I think as an example, in Isaiah chapter six, when the prophet sees
the Lord high and lifted up in his chamber, high and lifted up in his throne room,
and what does the prophet see as he sees this incredible God, Yahweh, Jehovah, upon
his throne?
He says, woe is me, for I am an unclean man, and I live among a people
of unclean lips, and my eyes have seen Jehovah of hosts.
Certainly, he thought he was finished.
He saw this holy and excellent God, and he saw himself for who he truly is, a sinful
man who is deserving of death.
He saw this chasm, this great gap between creator and creation.
He saw this gap between a holy God and an unholy man.
He says, who can bridge this gap?
How can me, even a prophet of God, come and approach this grand Jehovah?
And yet, in the New Testament, when you see Jesus Christ and how he
prays, and how he approaches the creator, how does he open,
what does he pray, how does he tell us to.
Pray?
With the terms of father, father.
That's how Jesus approaches this holy and awesome God.
You don't typically see this term used in prayer in the Old Testament.

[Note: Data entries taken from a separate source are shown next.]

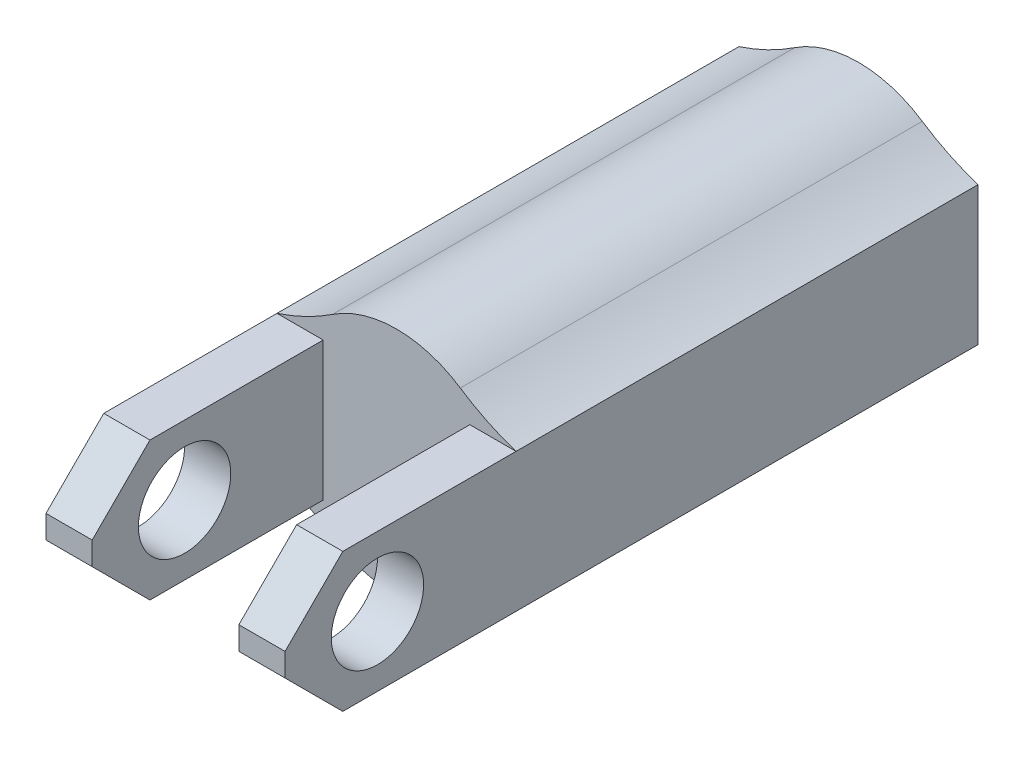
ISO-10303-21;
HEADER;
FILE_DESCRIPTION(('STEP AP214'),'2;1');
FILE_NAME('part.step','',(''),(''),'','','');
FILE_SCHEMA(('AUTOMOTIVE_DESIGN { 1 0 10303 214 1 1 1 1 }'));
ENDSEC;
DATA;
#1=APPLICATION_CONTEXT('core data for automotive mechanical design processes');
#2=APPLICATION_PROTOCOL_DEFINITION('international standard','automotive_design',2000,#1);
#3=PRODUCT_CONTEXT('',#1,'mechanical');
#4=PRODUCT('Part','Part','',(#3));
#5=PRODUCT_RELATED_PRODUCT_CATEGORY('part','',(#4));
#6=PRODUCT_DEFINITION_FORMATION('','',#4);
#7=PRODUCT_DEFINITION_CONTEXT('part definition',#1,'design');
#8=PRODUCT_DEFINITION('design','',#6,#7);
#9=PRODUCT_DEFINITION_SHAPE('','',#8);
#10=(LENGTH_UNIT() NAMED_UNIT(*) SI_UNIT(.MILLI.,.METRE.));
#11=(NAMED_UNIT(*) PLANE_ANGLE_UNIT() SI_UNIT($,.RADIAN.));
#12=(NAMED_UNIT(*) SI_UNIT($,.STERADIAN.) SOLID_ANGLE_UNIT());
#13=UNCERTAINTY_MEASURE_WITH_UNIT(LENGTH_MEASURE(1.E-05),#10,'distance_accuracy_value','');
#14=(GEOMETRIC_REPRESENTATION_CONTEXT(3) GLOBAL_UNCERTAINTY_ASSIGNED_CONTEXT((#13)) GLOBAL_UNIT_ASSIGNED_CONTEXT((#10,
#11,#12)) REPRESENTATION_CONTEXT('',''));
#15=CARTESIAN_POINT('',(0.,0.,0.));
#16=DIRECTION('',(0.,0.,1.));
#17=DIRECTION('',(1.,0.,0.));
#18=AXIS2_PLACEMENT_3D('',#15,#16,#17);
#19=CARTESIAN_POINT('',(0.,0.,20.));
#20=DIRECTION('',(0.,0.,-1.));
#21=DIRECTION('',(-1.,0.,0.));
#22=AXIS2_PLACEMENT_3D('',#19,#20,#21);
#23=CYLINDRICAL_SURFACE('',#22,5.);
#24=CARTESIAN_POINT('',(0.,0.,20.));
#25=DIRECTION('',(0.,0.,1.));
#26=DIRECTION('',(1.,0.,0.));
#27=AXIS2_PLACEMENT_3D('',#24,#25,#26);
#28=CIRCLE('',#27,5.);
#29=CARTESIAN_POINT('',(2.76191629006094,4.16795134408933,20.));
#30=VERTEX_POINT('',#29);
#31=CARTESIAN_POINT('',(-2.76191629006094,4.16795134408933,20.));
#32=VERTEX_POINT('',#31);
#33=EDGE_CURVE('E260',#30,#32,#28,.T.);
#34=ORIENTED_EDGE('',*,*,#33,.F.);
#35=DIRECTION('',(0.,0.,-1.));
#36=VECTOR('',#35,1.);
#37=CARTESIAN_POINT('',(2.76191629006094,4.16795134408933,20.));
#38=LINE('',#37,#36);
#39=CARTESIAN_POINT('',(2.76191629006094,4.16795134408933,0.));
#40=VERTEX_POINT('',#39);
#41=EDGE_CURVE('E203',#30,#40,#38,.T.);
#42=ORIENTED_EDGE('',*,*,#41,.T.);
#43=CARTESIAN_POINT('',(0.,0.,0.));
#44=DIRECTION('',(0.,0.,1.));
#45=DIRECTION('',(1.,0.,0.));
#46=AXIS2_PLACEMENT_3D('',#43,#44,#45);
#47=CIRCLE('',#46,5.);
#48=CARTESIAN_POINT('',(-2.76191629006094,4.16795134408933,0.));
#49=VERTEX_POINT('',#48);
#50=EDGE_CURVE('E259',#40,#49,#47,.T.);
#51=ORIENTED_EDGE('',*,*,#50,.T.);
#52=DIRECTION('',(0.,0.,-1.));
#53=VECTOR('',#52,1.);
#54=CARTESIAN_POINT('',(-2.76191629006094,4.16795134408933,20.));
#55=LINE('',#54,#53);
#56=EDGE_CURVE('E334',#49,#32,#55,.F.);
#57=ORIENTED_EDGE('',*,*,#56,.T.);
#58=EDGE_LOOP('',(#34,#42,#51,#57));
#59=FACE_BOUND('',#58,.T.);
#60=ADVANCED_FACE('F40',(#59),#23,.T.);
#61=CARTESIAN_POINT('',(-2.76191629006094,-4.16795134408933,0.));
#62=VERTEX_POINT('',#61);
#63=CARTESIAN_POINT('',(2.76191629006094,-4.16795134408933,0.));
#64=VERTEX_POINT('',#63);
#65=EDGE_CURVE('E219',#62,#64,#47,.T.);
#66=ORIENTED_EDGE('',*,*,#65,.T.);
#67=DIRECTION('',(0.,0.,-1.));
#68=VECTOR('',#67,1.);
#69=CARTESIAN_POINT('',(2.76191629006094,-4.16795134408933,20.));
#70=LINE('',#69,#68);
#71=CARTESIAN_POINT('',(2.76191629006094,-4.16795134408933,20.));
#72=VERTEX_POINT('',#71);
#73=EDGE_CURVE('E193',#64,#72,#70,.F.);
#74=ORIENTED_EDGE('',*,*,#73,.T.);
#75=CARTESIAN_POINT('',(-2.76191629006094,-4.16795134408933,20.));
#76=VERTEX_POINT('',#75);
#77=EDGE_CURVE('E264',#76,#72,#28,.T.);
#78=ORIENTED_EDGE('',*,*,#77,.F.);
#79=DIRECTION('',(0.,0.,-1.));
#80=VECTOR('',#79,1.);
#81=CARTESIAN_POINT('',(-2.76191629006094,-4.16795134408933,20.));
#82=LINE('',#81,#80);
#83=EDGE_CURVE('E329',#76,#62,#82,.T.);
#84=ORIENTED_EDGE('',*,*,#83,.T.);
#85=EDGE_LOOP('',(#66,#74,#78,#84));
#86=FACE_BOUND('',#85,.T.);
#87=ADVANCED_FACE('F416',(#86),#23,.T.);
#88=CARTESIAN_POINT('',(0.,0.,20.));
#89=DIRECTION('',(0.,0.,1.));
#90=DIRECTION('',(1.,0.,0.));
#91=AXIS2_PLACEMENT_3D('',#88,#89,#90);
#92=PLANE('',#91);
#93=DIRECTION('',(-1.,0.,0.));
#94=VECTOR('',#93,1.);
#95=CARTESIAN_POINT('',(0.,3.,20.));
#96=LINE('',#95,#94);
#97=CARTESIAN_POINT('',(5.175,3.,20.));
#98=VERTEX_POINT('',#97);
#99=CARTESIAN_POINT('',(3.175,3.,20.));
#100=VERTEX_POINT('',#99);
#101=EDGE_CURVE('E350',#98,#100,#96,.T.);
#102=ORIENTED_EDGE('',*,*,#101,.F.);
#103=CARTESIAN_POINT('',(8.28574887018281,12.503854032268,20.));
#104=DIRECTION('',(0.,0.,1.));
#105=DIRECTION('',(1.,0.,0.));
#106=AXIS2_PLACEMENT_3D('',#103,#104,#105);
#107=CIRCLE('',#106,10.);
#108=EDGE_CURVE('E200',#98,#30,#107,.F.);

Jesus prays different than anyone has ever prayed before him,
so the disciples were looking for a model on how to pray.
I want you, if you're following in today's notes, in the bulletin, in the answer that was given to you this morning, I want you
to write this.
Disciples were looking for a model on how to pray effectively.
Again, the disciples were in close proximity to Jesus, likely hearing him pray, and as they hear him
pray, they ask, Lord, teach us to pray.
Now, again, these are religious and devout Jews.
Did they not know how to pray?
What were they looking for?
What they were looking for was a model.
Notice again what it says in verse one.
It says, when he finished, one of his disciples said to him, Lord, teach us to pray as John taught his
disciples.
What they were looking for was a model, like John the Baptist taught his followers to pray, so now the disciples of Jesus want
insight and a model for effective and anointed prayer.
Again, we have a few examples of Jesus praying throughout the gospels, and this one is,
he's about to teach in Luke's version of the Lord's Prayer, is significant.
I want you to put yourself in the disciples' shoes for a moment.
Can you imagine being in the presence of Jesus when he was praying?
Think about that.
Consider what it looked like in the Old Covenant, in the Old Testament, when men of God
prayed, and they prayed with their faces towards the earth, prostrate, praying to God and saying,.
Woe is me, woe is me.
Yet, when Jesus prays, likely with his head up, his hands reach towards heaven,
and he begins with the words, Father, Father.
What a difference.
In verse two, it says, he said to them, when you pray, say, Father,
hallowed be your name.
I saw a video on the internet maybe two days ago of this really cute kid,
and this mother asks this little daughter, and the girl's probably four or five years old, and the
mom asks the daughter, sweetie, what is God's name?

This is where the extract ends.